A slug-form lead synced to the CRM but the submission status still says received. Bug?
No. The slug-based /forms/:slug/submit path never advances status — it only patches crm_contact_id. Check that field to confirm the sync. crm_synced/crm_failed/spam are written only by the inline contact-form path.
My form submit got a 429 but only sometimes. Rate limit on my form?
Almost certainly the shared submit bucket (2000/min per egress IP), not a per-form limit — under load all tenants on one CDN egress IP share it. Raise PUBLIC_SUBMIT_RATE_LIMIT (no deploy needed). The only true per-form/per-IP limits are on the inline contact-form path (5/IP/post/hour, 10/email/tenant/day).
My visits aren't being recorded. Are they landing with a NULL host?
No — a non-resolving host doesn't produce a NULL-host row, it produces no row. recordPublicVisit returns null (caller 204s) when the host doesn't resolve; when it does resolve it stores that host string. The real failure mode is dropped visits — getHost() returned empty and the gateway fell back to its own host, which then either failed tenant resolution (visit dropped) or, if the gateway host happens to map to a tenant, attributed the visit to the wrong host. Make sure your middleware client reads x-forwarded-host/host from the request, and set NUKIPA_TENANT_HOST as the build/edge fallback.
A job is stuck in running. Will it ever resolve?
Yes — the jobs sweeper marks any running row with no heartbeat for 6 minutes as failed { code: 'orphaned' } (default JOBS_ORPHAN_AFTER_MS = 360_000, sweep interval 30s).

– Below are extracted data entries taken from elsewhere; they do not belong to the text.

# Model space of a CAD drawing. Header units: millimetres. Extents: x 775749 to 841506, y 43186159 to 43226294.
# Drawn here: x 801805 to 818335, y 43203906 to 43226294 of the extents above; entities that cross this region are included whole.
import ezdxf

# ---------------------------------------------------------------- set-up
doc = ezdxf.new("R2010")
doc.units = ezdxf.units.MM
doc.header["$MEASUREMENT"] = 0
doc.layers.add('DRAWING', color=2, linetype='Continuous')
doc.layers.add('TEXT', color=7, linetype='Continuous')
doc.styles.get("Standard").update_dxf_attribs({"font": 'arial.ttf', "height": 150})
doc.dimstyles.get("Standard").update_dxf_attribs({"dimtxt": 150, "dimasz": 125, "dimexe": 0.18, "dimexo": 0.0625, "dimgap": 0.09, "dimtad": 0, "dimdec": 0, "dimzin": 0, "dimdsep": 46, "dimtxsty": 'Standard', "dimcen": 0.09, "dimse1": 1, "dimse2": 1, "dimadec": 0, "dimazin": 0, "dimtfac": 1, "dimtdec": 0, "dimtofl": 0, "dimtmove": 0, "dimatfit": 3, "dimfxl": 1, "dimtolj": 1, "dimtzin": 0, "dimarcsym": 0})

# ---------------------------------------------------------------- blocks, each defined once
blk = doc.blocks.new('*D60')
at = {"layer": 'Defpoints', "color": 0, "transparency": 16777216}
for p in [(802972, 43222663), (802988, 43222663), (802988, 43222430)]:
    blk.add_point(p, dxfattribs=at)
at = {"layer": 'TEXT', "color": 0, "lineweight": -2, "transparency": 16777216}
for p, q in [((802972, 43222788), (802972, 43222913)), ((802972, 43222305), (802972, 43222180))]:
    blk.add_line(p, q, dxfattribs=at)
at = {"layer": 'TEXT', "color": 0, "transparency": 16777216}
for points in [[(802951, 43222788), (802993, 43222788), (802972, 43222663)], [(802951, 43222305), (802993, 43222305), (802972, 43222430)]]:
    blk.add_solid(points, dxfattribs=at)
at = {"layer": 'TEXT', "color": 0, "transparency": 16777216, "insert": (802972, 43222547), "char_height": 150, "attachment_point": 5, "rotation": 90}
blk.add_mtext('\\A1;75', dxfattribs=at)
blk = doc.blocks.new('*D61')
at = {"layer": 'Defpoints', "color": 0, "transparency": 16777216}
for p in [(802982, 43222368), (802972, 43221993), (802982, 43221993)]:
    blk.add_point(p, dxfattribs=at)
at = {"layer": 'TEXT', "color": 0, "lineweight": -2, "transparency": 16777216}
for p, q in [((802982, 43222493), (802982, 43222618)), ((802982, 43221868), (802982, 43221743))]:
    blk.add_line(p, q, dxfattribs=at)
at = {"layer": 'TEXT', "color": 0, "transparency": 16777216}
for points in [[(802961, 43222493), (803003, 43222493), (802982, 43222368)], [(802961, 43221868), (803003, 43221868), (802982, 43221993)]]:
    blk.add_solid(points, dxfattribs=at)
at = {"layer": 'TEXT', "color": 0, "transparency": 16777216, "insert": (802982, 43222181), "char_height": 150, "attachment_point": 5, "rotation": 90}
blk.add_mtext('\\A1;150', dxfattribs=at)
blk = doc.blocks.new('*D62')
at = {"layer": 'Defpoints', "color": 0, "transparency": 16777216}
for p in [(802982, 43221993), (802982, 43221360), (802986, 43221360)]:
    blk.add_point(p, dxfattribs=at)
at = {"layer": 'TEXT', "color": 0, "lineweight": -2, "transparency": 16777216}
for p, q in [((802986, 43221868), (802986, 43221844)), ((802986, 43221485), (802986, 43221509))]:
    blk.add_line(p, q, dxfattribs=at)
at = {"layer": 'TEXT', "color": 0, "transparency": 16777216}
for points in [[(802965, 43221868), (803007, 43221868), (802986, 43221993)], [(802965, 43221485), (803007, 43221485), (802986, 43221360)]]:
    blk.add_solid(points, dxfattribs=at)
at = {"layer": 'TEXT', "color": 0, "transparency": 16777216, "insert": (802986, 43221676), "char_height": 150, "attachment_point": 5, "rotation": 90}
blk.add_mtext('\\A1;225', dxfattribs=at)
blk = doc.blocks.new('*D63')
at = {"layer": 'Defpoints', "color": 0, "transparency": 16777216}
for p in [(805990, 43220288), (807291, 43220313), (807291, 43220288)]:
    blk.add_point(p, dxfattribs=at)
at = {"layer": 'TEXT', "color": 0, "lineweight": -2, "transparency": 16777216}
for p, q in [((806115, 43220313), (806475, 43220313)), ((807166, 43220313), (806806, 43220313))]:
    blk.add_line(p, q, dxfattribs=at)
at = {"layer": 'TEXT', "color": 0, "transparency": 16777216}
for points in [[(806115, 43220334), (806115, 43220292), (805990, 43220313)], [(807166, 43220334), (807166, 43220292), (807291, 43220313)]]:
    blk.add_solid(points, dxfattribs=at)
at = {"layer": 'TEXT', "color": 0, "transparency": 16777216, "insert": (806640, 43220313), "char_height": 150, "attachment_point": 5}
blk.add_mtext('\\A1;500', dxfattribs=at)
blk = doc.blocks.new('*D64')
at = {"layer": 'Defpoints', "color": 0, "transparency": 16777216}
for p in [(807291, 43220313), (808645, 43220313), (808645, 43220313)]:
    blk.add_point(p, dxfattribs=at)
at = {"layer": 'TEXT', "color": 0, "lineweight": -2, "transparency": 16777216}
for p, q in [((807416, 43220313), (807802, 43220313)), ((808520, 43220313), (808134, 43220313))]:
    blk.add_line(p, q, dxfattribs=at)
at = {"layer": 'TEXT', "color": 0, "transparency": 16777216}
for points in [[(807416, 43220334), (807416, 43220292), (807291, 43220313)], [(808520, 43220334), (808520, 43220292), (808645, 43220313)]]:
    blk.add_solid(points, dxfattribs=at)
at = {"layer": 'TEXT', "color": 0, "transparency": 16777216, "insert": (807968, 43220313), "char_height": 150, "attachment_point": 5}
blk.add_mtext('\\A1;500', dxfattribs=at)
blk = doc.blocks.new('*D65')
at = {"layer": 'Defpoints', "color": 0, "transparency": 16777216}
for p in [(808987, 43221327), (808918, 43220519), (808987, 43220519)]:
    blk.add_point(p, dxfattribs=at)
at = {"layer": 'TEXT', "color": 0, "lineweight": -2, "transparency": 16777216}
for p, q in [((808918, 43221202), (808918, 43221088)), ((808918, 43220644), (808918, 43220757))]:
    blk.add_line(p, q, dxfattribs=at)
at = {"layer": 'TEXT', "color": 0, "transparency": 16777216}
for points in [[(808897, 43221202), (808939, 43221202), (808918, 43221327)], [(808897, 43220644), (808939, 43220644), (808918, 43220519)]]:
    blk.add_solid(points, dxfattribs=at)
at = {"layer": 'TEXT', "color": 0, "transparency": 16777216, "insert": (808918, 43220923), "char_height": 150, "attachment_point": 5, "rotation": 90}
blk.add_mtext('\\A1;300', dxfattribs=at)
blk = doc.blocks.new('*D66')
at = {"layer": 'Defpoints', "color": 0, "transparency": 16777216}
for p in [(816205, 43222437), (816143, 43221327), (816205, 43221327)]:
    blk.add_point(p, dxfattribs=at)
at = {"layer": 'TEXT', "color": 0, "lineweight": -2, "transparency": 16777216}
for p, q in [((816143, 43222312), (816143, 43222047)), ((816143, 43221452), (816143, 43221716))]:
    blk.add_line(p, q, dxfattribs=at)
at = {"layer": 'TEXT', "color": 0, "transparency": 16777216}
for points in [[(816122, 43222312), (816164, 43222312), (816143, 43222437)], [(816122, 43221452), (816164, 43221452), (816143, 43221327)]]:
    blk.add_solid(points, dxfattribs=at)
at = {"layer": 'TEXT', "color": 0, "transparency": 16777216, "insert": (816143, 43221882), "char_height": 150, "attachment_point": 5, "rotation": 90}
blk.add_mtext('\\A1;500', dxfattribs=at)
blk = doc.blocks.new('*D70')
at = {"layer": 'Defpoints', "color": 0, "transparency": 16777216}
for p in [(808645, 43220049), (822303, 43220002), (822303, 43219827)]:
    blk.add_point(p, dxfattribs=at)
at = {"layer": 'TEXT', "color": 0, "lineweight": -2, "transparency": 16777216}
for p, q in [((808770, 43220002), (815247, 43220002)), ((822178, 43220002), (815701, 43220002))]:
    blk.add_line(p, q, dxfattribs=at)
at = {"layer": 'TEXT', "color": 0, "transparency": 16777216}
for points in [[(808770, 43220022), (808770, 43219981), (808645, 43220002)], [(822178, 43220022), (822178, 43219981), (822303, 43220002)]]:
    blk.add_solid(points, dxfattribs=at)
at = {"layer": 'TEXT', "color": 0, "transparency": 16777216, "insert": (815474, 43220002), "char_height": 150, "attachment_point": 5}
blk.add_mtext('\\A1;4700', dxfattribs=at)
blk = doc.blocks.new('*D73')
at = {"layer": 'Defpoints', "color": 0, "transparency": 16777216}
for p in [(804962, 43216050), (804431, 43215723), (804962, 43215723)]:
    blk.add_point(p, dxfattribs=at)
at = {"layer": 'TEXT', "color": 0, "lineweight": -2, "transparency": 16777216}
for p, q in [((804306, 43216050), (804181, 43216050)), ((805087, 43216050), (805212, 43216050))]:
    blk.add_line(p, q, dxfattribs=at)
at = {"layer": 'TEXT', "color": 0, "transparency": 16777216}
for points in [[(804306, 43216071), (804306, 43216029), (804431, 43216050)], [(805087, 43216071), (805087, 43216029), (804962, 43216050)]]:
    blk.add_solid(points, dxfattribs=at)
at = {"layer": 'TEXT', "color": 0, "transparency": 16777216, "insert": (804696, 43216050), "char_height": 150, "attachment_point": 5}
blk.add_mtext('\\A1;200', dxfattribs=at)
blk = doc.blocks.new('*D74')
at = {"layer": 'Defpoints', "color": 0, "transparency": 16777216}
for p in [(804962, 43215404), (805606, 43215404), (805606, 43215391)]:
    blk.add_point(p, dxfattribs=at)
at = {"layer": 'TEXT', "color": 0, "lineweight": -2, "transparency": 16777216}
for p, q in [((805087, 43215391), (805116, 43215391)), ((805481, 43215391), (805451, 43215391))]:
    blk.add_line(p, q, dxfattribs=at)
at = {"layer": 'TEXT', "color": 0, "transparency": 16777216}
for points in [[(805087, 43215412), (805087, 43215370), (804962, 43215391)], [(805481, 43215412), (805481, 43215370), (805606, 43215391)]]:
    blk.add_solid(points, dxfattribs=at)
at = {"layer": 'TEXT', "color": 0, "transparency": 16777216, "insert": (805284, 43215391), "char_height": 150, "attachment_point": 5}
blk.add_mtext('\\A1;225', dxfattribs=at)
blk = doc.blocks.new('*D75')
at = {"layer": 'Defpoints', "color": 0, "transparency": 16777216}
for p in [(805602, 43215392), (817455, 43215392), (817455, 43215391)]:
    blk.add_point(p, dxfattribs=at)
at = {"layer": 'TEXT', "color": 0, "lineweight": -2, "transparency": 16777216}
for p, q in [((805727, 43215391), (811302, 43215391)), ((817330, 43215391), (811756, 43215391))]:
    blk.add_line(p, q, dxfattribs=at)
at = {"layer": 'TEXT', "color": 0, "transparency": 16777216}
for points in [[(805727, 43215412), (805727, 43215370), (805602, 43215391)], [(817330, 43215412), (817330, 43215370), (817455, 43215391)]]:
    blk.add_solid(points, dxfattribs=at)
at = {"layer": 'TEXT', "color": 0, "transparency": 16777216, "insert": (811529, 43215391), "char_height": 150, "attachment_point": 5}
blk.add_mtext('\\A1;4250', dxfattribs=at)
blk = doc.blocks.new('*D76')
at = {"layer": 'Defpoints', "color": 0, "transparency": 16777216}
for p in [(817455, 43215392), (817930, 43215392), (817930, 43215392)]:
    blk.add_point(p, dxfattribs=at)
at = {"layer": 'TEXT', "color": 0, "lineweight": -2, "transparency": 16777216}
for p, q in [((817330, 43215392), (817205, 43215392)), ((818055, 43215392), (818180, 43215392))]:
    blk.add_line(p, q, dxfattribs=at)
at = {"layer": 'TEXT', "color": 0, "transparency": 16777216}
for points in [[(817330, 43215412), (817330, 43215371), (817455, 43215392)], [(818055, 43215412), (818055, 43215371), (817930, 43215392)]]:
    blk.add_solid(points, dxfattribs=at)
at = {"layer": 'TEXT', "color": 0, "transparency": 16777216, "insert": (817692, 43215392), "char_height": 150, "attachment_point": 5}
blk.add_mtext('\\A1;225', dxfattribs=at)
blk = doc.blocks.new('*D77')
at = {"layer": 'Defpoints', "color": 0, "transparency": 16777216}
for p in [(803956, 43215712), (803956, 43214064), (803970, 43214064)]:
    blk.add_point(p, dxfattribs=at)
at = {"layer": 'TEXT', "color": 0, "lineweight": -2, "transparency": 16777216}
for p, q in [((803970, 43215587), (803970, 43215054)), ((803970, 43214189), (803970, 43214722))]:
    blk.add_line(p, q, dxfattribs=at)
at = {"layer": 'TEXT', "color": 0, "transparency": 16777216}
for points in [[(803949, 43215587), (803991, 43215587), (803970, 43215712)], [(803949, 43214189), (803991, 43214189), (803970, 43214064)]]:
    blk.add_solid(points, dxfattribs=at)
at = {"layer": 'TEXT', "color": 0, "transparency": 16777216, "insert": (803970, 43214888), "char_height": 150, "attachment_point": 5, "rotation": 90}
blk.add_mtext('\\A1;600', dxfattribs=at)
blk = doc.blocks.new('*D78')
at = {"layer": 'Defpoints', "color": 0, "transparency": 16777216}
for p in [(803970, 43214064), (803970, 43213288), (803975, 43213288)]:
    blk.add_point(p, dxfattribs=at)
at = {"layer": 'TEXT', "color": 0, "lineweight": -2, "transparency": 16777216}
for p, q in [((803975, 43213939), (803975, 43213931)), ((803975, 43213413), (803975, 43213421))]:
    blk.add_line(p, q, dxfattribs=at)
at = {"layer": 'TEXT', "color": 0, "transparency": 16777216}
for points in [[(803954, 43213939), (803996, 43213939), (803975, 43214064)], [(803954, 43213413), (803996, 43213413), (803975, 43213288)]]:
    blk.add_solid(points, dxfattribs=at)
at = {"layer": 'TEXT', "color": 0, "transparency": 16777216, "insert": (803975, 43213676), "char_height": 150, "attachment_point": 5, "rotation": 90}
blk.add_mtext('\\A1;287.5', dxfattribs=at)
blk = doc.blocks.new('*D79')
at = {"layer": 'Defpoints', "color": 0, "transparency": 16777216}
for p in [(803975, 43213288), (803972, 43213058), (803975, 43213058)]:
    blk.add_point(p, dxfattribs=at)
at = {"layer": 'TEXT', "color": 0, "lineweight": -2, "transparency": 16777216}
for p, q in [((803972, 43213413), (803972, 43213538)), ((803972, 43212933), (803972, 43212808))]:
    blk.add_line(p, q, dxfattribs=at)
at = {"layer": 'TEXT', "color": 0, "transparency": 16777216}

If a worker dies mid-job it won't hang forever; it'll flip to failed and you re-enqueue.
Resend webhook events aren't updating delivery rows. Where's the break?
The signature is verified at the gateway (svix), not the newsletters service. A 401 bad signature at the gateway means RESEND_WEBHOOK_SECRET is wrong or missing. Past the gateway, every event is archived into newsletters.events regardless of whether the delivery row correlates — so if events are arriving but rows aren't moving, the resend_message_id isn't matching a delivery (check that the send actually recorded message ids).